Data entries
┄┄┄┄┄┄┄┄┄┄┄┄┄┄┄┄┄┄┄┄

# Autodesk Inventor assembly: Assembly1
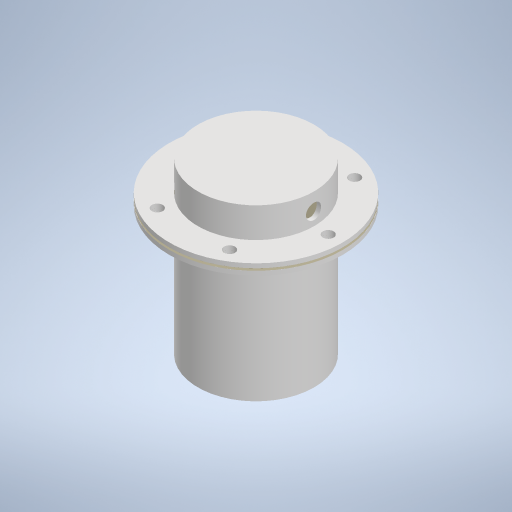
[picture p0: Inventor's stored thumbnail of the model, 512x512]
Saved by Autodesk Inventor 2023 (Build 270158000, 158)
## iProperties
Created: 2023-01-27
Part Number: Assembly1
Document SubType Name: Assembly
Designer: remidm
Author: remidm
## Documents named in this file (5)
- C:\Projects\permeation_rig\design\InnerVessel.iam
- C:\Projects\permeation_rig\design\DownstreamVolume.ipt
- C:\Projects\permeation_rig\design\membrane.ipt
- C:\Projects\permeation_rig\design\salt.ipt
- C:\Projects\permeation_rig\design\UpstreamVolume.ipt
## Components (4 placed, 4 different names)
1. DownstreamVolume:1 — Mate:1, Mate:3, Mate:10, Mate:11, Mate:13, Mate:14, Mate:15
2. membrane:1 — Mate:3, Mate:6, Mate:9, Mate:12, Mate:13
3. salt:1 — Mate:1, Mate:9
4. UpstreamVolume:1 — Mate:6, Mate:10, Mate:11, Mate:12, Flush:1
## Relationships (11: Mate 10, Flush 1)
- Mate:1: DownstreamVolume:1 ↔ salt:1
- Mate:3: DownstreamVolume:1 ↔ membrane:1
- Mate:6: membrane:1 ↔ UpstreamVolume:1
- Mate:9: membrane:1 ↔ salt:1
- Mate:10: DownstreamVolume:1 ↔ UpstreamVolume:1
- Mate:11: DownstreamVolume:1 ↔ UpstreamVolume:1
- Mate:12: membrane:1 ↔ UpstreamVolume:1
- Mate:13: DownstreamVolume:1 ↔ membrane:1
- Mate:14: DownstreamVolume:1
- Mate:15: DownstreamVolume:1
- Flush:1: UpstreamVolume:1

┄┄┄┄┄┄┄┄┄┄┄┄┄┄┄┄┄┄┄┄

Repeat word for word the lines above that run from the line containing "## Components (4 placed, 4 different names)" through the line containing "- Mate:15: DownstreamVolume:1", both ends included, and nothing else.

**Answer to this problem**.
## Components (4 placed, 4 different names)
1. DownstreamVolume:1 — Mate:1, Mate:3, Mate:10, Mate:11, Mate:13, Mate:14, Mate:15
2. membrane:1 — Mate:3, Mate:6, Mate:9, Mate:12, Mate:13
3. salt:1 — Mate:1, Mate:9
4. UpstreamVolume:1 — Mate:6, Mate:10, Mate:11, Mate:12, Flush:1
## Relationships (11: Mate 10, Flush 1)
- Mate:1: DownstreamVolume:1 ↔ salt:1
- Mate:3: DownstreamVolume:1 ↔ membrane:1
- Mate:6: membrane:1 ↔ UpstreamVolume:1
- Mate:9: membrane:1 ↔ salt:1
- Mate:10: DownstreamVolume:1 ↔ UpstreamVolume:1
- Mate:11: DownstreamVolume:1 ↔ UpstreamVolume:1
- Mate:12: membrane:1 ↔ UpstreamVolume:1
- Mate:13: DownstreamVolume:1 ↔ membrane:1
- Mate:14: DownstreamVolume:1
- Mate:15: DownstreamVolume:1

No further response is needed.